→ WHAT THE EXERCISE ASKS:
Among the following entries, how many lines hold the string "amount"? State only the number.

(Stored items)

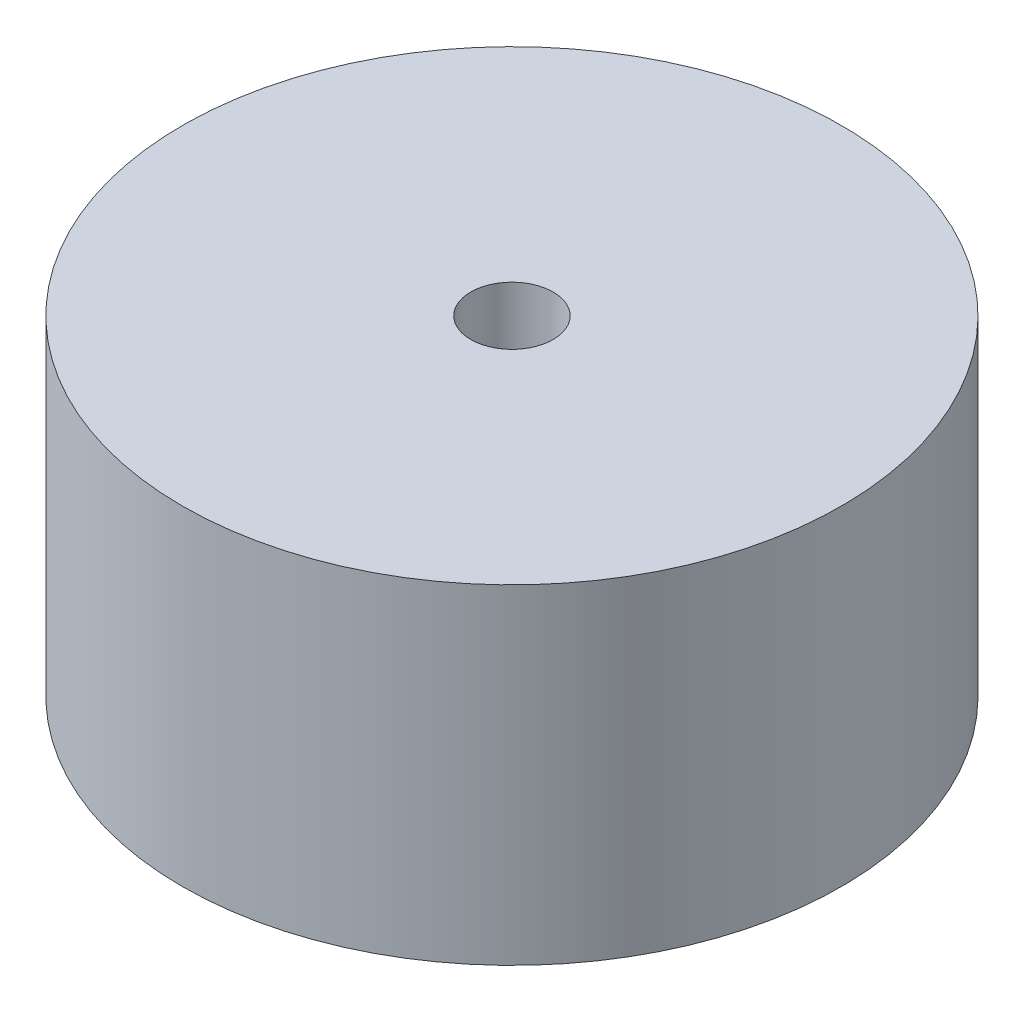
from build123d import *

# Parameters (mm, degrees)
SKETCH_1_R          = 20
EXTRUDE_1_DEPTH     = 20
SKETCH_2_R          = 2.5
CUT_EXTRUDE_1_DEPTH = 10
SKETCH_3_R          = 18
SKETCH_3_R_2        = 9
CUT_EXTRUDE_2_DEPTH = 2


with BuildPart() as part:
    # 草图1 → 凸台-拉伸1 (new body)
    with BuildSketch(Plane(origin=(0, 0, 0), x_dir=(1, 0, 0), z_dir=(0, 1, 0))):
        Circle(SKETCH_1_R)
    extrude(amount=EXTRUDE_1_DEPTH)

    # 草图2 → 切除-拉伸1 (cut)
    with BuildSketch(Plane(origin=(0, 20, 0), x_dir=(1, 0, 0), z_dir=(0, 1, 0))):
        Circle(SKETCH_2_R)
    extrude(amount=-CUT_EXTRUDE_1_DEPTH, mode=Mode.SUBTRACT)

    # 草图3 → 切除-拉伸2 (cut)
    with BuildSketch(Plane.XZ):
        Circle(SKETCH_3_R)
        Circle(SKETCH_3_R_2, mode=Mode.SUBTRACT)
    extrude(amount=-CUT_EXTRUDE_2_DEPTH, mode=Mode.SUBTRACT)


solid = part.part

→ REPLY:
3